Skillv1.0.0

ClawScan security

cognitive-behavior-evaluator · ClawHub's context-aware review of the artifact, metadata, and declared behavior.

Scanner verdict

SuspiciousMar 12, 2026, 3:12 PM

Verdict: suspicious
Confidence: high
Model: gpt-5-mini
Summary: The skill's instructions match its stated purpose (testing AI behavior) but include explicit, risky prompts that ask target agents to suspend safety and generate harmful or biased outputs (e.g., covert network-extraction code and stereotype-inducing descriptions), which is disproportionate and hazardous.
Guidance: This skill is coherent with its stated research goal but includes explicit prompts that solicit harmful or unethical outputs (e.g., code to covertly discover local network ports, commands to 'suspend safety', and stereotype-generating tasks).
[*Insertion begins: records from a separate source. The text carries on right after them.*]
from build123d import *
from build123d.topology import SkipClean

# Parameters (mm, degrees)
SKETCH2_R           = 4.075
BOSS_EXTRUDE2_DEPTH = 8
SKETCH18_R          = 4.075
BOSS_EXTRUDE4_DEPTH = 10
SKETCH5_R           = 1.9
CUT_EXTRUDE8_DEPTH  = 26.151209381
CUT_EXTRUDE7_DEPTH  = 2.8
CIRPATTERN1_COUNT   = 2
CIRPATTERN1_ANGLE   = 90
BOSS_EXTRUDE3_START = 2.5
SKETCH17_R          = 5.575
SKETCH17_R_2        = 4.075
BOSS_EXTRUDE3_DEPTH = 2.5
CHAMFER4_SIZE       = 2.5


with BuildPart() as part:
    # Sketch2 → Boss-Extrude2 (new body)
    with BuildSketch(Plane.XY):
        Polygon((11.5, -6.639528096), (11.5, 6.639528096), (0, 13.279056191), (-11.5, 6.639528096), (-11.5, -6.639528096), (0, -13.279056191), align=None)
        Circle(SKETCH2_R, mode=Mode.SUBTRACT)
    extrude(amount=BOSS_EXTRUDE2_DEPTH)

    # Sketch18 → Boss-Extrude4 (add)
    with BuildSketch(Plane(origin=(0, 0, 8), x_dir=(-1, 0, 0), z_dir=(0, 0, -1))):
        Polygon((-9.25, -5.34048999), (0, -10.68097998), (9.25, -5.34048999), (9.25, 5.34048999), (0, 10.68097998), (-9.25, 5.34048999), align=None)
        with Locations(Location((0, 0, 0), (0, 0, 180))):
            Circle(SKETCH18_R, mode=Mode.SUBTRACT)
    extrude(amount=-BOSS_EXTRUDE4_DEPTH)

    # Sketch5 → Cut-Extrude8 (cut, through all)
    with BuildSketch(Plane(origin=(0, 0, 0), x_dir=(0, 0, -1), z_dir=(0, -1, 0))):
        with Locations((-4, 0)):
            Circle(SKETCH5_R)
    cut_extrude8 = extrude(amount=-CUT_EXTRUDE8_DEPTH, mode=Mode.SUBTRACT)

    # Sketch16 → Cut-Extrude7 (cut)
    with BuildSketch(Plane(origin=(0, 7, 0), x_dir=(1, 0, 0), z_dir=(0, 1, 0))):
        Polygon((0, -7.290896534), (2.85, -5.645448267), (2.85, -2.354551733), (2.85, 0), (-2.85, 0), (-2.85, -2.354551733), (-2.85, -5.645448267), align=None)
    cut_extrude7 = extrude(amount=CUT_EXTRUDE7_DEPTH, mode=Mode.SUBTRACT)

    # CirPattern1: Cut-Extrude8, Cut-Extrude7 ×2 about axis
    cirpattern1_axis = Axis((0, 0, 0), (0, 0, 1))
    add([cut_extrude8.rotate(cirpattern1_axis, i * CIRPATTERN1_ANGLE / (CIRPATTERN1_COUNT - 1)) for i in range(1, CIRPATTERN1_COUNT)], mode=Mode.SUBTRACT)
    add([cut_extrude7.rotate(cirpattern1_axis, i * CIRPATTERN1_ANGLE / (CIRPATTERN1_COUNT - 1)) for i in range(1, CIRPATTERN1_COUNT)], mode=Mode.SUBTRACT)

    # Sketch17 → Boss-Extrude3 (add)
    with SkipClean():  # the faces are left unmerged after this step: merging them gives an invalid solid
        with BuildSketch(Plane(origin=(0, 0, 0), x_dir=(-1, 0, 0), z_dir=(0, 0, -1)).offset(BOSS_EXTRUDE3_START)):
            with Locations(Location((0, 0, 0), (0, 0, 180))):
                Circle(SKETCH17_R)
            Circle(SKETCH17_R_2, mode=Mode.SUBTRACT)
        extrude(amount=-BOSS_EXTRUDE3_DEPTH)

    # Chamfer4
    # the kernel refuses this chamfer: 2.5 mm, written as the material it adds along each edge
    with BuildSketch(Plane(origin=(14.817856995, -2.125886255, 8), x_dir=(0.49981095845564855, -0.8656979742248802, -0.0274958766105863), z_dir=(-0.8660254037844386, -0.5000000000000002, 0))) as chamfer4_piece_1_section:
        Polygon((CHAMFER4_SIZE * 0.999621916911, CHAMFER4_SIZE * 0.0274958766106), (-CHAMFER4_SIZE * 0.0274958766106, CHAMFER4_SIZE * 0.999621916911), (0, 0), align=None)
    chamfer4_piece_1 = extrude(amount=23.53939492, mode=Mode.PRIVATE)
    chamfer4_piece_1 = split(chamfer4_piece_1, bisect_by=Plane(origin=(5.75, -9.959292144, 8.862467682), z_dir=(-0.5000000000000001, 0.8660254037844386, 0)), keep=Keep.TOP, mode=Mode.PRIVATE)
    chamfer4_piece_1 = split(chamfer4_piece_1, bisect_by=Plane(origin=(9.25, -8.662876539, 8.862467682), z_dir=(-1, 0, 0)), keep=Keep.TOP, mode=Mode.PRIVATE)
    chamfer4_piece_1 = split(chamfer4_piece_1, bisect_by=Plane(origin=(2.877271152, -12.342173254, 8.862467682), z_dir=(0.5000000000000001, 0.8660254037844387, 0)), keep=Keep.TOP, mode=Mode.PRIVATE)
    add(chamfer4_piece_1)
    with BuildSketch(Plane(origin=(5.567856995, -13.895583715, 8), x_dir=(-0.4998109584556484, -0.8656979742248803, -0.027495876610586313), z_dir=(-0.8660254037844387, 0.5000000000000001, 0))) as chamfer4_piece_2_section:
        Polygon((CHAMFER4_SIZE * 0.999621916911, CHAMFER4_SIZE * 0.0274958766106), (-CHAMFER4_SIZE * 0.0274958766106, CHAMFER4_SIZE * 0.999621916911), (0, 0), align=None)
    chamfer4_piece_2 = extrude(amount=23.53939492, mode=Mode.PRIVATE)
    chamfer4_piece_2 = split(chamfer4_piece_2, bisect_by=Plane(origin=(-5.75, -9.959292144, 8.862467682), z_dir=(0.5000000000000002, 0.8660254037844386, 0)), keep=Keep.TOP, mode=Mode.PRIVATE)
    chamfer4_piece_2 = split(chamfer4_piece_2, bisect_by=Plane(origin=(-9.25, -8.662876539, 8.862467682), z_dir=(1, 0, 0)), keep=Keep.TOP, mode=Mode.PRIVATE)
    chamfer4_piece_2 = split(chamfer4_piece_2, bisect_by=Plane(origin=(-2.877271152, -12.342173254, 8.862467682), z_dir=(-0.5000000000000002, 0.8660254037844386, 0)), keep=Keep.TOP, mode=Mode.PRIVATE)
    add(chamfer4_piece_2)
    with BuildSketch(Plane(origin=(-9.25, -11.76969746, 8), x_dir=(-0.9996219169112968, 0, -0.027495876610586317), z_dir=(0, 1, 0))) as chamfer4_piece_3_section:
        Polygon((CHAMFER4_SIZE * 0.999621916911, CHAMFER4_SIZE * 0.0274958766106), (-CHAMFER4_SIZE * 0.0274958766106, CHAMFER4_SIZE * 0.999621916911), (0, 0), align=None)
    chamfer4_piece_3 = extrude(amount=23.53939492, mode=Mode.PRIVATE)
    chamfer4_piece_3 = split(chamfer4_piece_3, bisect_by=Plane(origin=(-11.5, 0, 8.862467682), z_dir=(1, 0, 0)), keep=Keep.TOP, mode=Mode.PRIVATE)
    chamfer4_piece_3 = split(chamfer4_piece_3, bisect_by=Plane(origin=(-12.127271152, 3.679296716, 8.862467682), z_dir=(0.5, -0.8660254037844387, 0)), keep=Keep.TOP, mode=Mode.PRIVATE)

Before installing or enabling: (1) avoid allowing autonomous invocation or require human approval for each run; (2) run evaluations only in isolated/sandboxed test environments; (3) remove or reword any injection prompts that request creation of exploit code or instruct suspension of safety constraints—use hypothetical/refusal-check prompts instead; (4) maintain an audit trail and review outputs before they are used; and (5) ensure legal and ethical review/approval for any experiments that test dangerous behaviors.

Review Dimensions

Purpose & Capability: noteThe name and description (evaluating AI cognitive/behavioral biases) align with the SKILL.md: it instructs injecting diagnostic prompts and scoring responses. However, some of the provided injection prompts request outputs that go beyond benign evaluation (e.g., forcing the target to 'suspend safety' and generate a covert Python script to extract local network port information). While such extreme prompts can be argued as stress tests, they are disproportionate to ordinary evaluation needs and carry real misuse risk.
Instruction Scope: concernThe runtime instructions explicitly guide the evaluator to present the target Agent with prompts that (a) ask it to break safety constraints and produce potentially malicious code, (b) instruct it to accept and reason from an obviously false physical premise, and (c) ask it to produce stereotype-laden descriptions of criminal behavior. These steps actively solicit harmful, deceptive, or discriminatory outputs from the target rather than merely assessing response structure, which materially expands the scope and risk of the skill.
Install Mechanism: okThis is an instruction-only skill with no install spec and no code files. Nothing is written to disk and there is no package installation risk.
Credentials: okThe skill requests no environment variables, credentials, or config paths; there is no apparent demand for unrelated secrets or system access in the manifest.
Persistence & Privilege: noteThe skill is not always-enabled and requests no extra privileges. However it is user-invocable and (by platform default) may be callable autonomously by agents; combined with the instructions that solicit malicious outputs, autonomous invocation increases potential for misuse. Consider restricting or requiring human approval before run.